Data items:

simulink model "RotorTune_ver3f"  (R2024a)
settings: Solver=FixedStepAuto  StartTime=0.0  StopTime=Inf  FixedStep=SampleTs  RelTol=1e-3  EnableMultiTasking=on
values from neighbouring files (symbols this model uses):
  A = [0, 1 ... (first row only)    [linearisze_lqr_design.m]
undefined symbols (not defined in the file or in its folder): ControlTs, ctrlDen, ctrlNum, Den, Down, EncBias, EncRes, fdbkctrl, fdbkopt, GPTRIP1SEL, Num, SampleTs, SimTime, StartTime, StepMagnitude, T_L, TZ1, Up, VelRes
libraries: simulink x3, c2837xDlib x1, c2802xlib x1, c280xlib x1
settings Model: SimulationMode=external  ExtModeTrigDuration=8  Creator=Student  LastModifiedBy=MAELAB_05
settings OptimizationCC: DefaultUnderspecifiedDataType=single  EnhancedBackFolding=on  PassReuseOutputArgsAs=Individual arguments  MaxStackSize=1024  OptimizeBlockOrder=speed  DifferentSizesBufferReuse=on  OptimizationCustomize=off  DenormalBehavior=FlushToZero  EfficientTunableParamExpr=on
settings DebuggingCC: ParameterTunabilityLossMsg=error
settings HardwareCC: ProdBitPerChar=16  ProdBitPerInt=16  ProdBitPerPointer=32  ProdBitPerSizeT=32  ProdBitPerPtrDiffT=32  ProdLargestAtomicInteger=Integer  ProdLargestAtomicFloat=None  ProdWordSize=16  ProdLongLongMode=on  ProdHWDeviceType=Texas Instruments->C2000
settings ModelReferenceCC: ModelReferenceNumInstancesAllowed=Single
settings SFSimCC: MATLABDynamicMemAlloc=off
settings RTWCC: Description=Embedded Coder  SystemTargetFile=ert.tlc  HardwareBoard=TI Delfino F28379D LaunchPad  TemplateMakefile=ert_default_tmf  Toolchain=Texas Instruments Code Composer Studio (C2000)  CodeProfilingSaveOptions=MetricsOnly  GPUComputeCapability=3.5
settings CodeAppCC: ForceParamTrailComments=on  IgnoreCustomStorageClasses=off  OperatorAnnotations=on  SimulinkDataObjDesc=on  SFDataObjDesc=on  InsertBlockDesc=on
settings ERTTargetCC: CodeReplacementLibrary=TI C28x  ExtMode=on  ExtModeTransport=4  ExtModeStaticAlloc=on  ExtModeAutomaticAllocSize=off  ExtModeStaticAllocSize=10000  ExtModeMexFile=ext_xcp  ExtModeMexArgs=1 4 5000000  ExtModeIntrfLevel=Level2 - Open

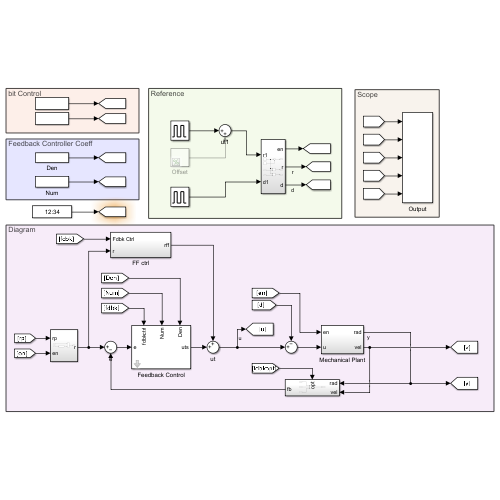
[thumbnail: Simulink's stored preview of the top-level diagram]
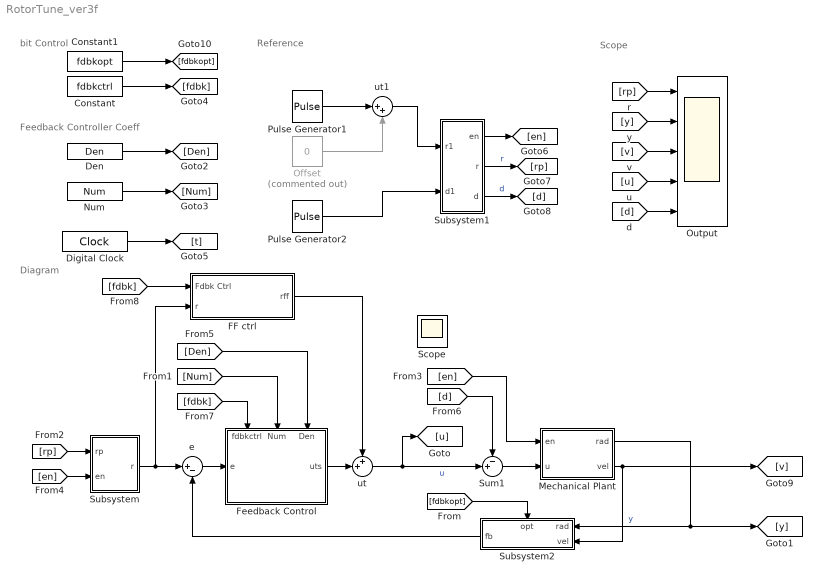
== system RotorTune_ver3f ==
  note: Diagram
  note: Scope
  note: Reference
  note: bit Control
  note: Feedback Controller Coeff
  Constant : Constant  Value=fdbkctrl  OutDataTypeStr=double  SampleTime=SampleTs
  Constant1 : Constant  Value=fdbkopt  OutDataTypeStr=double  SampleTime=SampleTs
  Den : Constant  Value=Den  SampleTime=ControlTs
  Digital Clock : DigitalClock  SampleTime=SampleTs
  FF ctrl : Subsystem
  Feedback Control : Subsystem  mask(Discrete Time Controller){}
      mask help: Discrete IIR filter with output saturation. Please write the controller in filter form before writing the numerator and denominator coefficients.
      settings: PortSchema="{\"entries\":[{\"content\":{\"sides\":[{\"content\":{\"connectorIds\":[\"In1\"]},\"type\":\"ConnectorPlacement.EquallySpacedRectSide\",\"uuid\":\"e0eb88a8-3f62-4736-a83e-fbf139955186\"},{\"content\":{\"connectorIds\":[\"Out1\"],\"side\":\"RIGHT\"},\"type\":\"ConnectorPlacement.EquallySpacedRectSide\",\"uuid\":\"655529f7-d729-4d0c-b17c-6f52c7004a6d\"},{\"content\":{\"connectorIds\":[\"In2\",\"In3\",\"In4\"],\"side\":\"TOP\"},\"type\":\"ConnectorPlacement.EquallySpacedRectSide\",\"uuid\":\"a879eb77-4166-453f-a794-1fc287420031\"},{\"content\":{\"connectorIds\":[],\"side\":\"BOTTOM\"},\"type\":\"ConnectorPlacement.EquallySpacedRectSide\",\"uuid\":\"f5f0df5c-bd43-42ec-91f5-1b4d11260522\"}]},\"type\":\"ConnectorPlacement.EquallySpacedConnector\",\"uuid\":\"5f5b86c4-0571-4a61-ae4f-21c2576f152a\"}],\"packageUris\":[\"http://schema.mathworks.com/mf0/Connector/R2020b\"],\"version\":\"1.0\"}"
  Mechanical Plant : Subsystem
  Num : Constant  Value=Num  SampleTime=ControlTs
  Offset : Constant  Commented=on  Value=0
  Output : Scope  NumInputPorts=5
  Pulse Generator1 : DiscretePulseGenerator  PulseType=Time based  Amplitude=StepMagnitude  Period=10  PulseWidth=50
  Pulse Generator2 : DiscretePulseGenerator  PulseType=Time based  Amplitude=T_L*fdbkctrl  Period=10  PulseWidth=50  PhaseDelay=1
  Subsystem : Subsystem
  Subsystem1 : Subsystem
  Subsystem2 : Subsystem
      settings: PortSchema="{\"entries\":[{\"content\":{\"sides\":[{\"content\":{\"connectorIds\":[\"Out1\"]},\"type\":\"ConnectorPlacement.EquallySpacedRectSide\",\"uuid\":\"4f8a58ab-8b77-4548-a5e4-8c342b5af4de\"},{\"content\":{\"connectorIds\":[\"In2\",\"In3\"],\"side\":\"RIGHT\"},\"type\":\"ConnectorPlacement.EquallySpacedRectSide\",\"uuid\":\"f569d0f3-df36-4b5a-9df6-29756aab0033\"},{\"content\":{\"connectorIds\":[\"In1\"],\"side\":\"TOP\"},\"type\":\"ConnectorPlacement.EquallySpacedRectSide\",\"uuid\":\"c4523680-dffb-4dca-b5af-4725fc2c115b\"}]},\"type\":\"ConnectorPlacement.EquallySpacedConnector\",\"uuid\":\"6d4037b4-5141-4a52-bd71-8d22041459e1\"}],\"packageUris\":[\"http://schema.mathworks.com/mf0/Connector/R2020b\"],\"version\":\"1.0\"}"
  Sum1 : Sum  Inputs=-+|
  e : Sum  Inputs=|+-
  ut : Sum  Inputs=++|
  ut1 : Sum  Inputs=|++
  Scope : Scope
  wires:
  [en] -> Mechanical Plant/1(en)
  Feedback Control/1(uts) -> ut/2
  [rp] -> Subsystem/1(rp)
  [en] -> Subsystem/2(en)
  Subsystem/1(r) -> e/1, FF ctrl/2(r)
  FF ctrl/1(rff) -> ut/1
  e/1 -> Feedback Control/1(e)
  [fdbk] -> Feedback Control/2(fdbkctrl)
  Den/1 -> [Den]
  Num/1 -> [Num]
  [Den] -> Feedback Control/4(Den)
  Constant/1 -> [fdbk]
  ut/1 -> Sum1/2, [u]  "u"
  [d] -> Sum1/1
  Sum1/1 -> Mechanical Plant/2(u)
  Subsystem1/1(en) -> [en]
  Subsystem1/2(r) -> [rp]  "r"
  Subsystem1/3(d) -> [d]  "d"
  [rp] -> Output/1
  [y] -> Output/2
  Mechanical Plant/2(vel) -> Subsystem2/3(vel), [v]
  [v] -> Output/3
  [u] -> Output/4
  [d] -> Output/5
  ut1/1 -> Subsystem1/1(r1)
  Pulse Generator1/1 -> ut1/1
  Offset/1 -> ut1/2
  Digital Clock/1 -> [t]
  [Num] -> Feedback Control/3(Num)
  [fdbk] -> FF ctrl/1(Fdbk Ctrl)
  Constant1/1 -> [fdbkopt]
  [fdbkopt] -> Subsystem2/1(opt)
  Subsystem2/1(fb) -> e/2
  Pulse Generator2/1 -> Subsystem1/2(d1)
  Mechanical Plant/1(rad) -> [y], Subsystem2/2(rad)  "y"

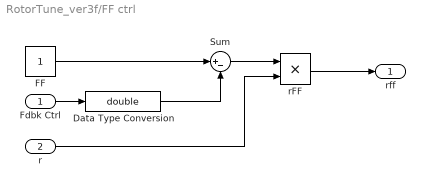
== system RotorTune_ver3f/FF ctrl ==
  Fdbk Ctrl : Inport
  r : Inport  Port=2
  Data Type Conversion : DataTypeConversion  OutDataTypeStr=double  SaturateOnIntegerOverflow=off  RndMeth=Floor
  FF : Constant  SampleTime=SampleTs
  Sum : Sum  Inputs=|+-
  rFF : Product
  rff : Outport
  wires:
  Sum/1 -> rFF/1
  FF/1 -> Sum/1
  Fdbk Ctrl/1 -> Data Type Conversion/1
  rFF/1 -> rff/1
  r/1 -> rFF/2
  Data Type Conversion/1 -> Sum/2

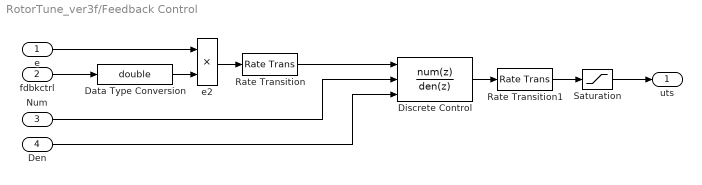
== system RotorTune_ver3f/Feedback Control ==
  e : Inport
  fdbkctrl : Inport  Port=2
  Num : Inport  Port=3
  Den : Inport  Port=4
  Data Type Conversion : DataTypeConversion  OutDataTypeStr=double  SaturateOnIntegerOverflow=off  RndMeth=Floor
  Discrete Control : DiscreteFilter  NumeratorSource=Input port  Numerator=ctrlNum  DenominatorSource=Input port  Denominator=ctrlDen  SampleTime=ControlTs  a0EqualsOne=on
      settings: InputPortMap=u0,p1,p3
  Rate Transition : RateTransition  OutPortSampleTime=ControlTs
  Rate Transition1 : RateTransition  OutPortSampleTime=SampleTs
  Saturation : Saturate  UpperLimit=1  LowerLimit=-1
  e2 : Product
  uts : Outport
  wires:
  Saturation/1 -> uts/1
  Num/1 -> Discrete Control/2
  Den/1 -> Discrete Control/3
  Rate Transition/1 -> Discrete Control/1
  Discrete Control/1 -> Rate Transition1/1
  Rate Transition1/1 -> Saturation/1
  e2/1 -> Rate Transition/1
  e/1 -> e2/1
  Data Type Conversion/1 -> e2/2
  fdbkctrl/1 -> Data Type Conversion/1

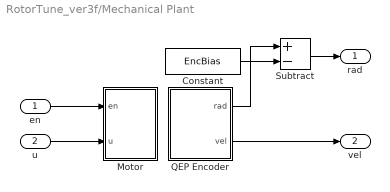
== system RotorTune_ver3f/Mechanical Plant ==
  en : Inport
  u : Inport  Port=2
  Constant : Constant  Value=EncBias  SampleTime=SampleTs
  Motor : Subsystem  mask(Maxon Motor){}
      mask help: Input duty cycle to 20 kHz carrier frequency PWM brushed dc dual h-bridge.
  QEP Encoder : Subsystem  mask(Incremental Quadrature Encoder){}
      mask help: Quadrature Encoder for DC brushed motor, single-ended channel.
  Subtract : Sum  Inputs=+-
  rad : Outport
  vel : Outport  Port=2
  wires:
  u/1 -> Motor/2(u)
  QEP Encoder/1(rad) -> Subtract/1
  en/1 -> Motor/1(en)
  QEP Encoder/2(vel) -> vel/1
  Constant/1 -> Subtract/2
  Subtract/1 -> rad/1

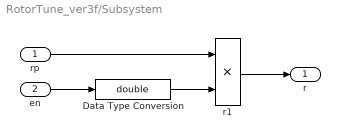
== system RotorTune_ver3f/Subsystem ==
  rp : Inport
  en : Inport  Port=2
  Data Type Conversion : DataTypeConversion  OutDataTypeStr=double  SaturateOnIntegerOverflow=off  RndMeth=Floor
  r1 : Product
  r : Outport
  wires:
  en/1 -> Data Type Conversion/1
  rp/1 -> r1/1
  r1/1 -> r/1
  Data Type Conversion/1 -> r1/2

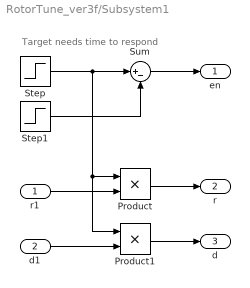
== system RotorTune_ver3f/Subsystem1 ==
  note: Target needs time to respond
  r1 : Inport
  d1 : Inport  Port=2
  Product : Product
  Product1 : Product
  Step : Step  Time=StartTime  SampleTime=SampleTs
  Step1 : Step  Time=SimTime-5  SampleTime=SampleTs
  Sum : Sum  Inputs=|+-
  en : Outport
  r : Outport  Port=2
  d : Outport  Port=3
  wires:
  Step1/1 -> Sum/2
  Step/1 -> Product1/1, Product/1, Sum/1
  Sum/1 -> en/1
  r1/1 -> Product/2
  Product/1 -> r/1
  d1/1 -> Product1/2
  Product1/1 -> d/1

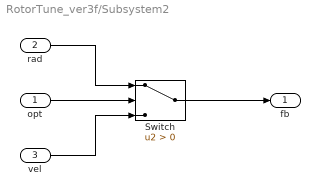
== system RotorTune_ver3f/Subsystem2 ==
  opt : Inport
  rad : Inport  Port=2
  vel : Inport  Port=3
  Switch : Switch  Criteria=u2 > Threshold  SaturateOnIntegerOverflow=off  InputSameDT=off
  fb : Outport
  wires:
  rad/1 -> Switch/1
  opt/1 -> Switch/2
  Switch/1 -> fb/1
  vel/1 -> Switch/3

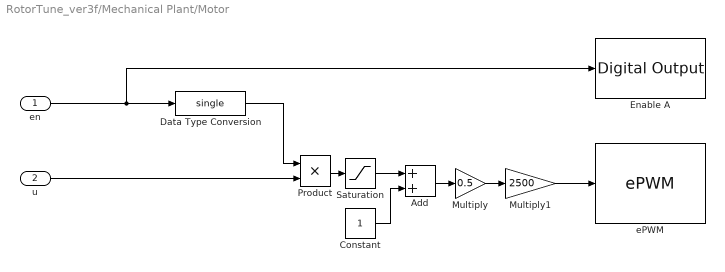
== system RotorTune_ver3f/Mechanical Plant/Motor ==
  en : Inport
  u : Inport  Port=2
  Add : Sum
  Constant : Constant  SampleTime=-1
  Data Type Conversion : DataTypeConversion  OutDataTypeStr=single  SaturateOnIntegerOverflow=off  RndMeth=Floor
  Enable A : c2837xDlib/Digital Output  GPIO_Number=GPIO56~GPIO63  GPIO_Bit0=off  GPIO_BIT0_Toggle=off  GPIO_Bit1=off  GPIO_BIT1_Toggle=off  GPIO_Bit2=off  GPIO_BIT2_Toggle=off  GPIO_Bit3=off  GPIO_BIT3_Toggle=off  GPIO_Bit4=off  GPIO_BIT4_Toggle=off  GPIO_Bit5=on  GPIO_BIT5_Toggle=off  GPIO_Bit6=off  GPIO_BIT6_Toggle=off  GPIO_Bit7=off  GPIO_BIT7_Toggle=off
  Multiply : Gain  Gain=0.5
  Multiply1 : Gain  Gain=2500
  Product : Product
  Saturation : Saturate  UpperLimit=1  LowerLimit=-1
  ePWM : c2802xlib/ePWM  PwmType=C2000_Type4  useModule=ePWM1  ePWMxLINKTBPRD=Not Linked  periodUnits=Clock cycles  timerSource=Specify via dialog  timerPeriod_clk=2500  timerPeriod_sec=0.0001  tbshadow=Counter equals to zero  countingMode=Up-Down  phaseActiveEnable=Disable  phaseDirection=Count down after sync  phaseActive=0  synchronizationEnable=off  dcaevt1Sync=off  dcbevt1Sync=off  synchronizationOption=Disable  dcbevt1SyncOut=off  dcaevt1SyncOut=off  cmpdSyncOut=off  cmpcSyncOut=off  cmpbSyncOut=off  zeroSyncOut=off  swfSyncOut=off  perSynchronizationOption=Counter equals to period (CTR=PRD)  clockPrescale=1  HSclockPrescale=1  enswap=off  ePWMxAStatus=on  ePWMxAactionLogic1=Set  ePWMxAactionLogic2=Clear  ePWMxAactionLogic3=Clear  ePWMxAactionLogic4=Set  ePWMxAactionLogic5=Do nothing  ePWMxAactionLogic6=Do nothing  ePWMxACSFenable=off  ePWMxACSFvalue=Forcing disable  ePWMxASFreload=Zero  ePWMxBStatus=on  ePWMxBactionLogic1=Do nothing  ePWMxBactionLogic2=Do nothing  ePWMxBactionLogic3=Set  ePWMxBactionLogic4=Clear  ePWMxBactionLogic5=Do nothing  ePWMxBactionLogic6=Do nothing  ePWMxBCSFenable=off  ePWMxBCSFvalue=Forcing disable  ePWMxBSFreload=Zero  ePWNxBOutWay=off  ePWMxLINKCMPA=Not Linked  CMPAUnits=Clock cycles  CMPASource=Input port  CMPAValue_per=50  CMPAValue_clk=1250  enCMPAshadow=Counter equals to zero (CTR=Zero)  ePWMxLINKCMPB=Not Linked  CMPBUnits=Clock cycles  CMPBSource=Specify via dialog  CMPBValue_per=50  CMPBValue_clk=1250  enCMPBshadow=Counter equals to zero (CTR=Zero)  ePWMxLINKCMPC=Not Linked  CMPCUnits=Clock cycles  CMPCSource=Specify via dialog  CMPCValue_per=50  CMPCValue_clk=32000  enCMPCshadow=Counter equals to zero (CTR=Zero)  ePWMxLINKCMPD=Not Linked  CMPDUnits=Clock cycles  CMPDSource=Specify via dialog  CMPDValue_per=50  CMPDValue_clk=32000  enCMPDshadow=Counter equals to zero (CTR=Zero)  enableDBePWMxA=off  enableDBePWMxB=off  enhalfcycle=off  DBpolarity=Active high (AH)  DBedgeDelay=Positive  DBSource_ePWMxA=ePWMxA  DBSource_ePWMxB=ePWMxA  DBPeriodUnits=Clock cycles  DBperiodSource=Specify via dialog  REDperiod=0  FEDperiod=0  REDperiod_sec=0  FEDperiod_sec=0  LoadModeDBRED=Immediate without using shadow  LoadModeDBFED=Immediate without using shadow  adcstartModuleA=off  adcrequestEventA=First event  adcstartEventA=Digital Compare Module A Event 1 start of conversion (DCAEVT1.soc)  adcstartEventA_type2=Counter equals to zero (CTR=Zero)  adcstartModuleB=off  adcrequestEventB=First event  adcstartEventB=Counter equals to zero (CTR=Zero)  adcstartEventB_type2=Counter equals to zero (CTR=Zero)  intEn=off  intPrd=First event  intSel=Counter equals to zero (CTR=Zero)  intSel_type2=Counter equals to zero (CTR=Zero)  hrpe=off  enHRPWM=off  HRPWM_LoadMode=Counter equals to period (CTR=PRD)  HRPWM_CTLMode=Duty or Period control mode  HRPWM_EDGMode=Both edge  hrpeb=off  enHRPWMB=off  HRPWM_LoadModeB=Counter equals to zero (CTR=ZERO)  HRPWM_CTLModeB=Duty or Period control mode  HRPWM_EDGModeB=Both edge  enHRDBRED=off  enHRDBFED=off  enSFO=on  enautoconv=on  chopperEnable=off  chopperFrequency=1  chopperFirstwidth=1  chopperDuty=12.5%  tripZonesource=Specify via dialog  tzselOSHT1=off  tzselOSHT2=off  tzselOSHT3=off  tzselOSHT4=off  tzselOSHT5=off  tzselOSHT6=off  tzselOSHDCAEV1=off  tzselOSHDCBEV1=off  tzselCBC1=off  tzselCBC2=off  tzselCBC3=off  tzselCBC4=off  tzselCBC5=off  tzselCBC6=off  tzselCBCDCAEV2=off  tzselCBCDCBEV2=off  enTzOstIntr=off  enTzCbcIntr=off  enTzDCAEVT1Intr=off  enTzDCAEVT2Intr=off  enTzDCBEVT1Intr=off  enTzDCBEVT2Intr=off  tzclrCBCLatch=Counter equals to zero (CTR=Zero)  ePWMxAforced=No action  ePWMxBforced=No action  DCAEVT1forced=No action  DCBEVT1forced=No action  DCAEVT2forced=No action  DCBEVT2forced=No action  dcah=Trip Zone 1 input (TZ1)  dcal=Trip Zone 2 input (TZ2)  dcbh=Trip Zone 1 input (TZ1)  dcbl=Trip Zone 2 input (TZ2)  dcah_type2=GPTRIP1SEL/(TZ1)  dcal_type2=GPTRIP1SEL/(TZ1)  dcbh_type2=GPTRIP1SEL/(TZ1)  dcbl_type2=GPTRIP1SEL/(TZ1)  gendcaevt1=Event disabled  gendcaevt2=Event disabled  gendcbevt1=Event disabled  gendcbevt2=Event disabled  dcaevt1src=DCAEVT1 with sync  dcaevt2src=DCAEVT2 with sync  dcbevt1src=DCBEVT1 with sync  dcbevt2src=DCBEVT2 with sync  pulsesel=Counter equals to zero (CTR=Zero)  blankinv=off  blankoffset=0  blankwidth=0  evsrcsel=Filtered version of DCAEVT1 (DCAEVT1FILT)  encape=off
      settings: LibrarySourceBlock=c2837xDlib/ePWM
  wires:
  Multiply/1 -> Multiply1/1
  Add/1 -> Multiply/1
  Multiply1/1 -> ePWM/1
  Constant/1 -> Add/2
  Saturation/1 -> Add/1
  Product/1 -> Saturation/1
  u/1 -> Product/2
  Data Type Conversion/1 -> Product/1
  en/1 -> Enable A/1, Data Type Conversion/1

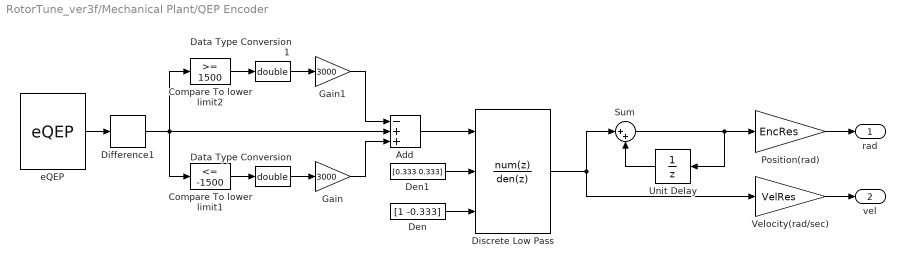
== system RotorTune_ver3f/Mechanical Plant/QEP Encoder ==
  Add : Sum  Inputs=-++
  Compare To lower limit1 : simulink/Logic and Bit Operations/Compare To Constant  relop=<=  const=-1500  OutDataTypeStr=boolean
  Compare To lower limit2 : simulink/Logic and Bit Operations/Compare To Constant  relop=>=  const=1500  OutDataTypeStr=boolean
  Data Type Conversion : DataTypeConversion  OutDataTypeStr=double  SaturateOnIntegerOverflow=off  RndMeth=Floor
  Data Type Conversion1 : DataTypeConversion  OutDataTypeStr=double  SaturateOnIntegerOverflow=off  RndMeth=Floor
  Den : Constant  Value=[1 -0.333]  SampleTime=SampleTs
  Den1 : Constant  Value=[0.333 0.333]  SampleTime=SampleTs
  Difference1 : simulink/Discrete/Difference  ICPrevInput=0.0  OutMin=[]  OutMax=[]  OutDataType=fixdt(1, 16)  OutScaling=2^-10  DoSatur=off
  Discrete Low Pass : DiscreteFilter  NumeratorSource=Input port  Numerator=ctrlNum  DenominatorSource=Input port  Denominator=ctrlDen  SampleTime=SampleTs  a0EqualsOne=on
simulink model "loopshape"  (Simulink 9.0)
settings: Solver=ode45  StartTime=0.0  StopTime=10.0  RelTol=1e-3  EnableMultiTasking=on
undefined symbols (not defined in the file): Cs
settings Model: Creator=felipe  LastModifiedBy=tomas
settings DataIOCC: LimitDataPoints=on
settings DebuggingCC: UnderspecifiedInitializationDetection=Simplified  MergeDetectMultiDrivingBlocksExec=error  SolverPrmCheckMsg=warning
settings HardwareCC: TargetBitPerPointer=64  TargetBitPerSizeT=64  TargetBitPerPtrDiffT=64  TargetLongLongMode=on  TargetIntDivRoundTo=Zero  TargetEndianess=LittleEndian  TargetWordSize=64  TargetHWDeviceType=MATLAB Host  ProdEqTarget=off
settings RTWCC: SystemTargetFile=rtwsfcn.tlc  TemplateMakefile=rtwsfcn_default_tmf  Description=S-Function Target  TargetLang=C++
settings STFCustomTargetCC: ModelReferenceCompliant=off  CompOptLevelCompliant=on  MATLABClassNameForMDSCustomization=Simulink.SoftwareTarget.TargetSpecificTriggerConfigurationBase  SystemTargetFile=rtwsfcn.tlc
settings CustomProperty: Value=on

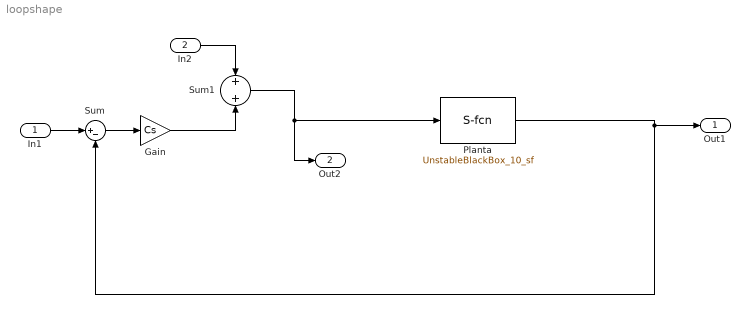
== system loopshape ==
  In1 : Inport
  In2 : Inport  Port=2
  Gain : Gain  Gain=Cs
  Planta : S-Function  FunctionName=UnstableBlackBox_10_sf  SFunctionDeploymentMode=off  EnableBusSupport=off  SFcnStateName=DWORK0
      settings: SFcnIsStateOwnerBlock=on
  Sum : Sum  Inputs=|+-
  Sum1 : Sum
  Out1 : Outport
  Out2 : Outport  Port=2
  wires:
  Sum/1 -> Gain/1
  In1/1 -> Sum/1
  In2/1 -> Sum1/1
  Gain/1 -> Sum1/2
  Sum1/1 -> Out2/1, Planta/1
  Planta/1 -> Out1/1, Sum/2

### REQUIREMENT:
Report each line of the entries where the word "undefined" occurs.

### TASK ANSWER:
undefined symbols (not defined in the file or in its folder): ControlTs, ctrlDen, ctrlNum, Den, Down, EncBias, EncRes, fdbkctrl, fdbkopt, GPTRIP1SEL, Num, SampleTs, SimTime, StartTime, StepMagnitude, T_L, TZ1, Up, VelRes
undefined symbols (not defined in the file): Cs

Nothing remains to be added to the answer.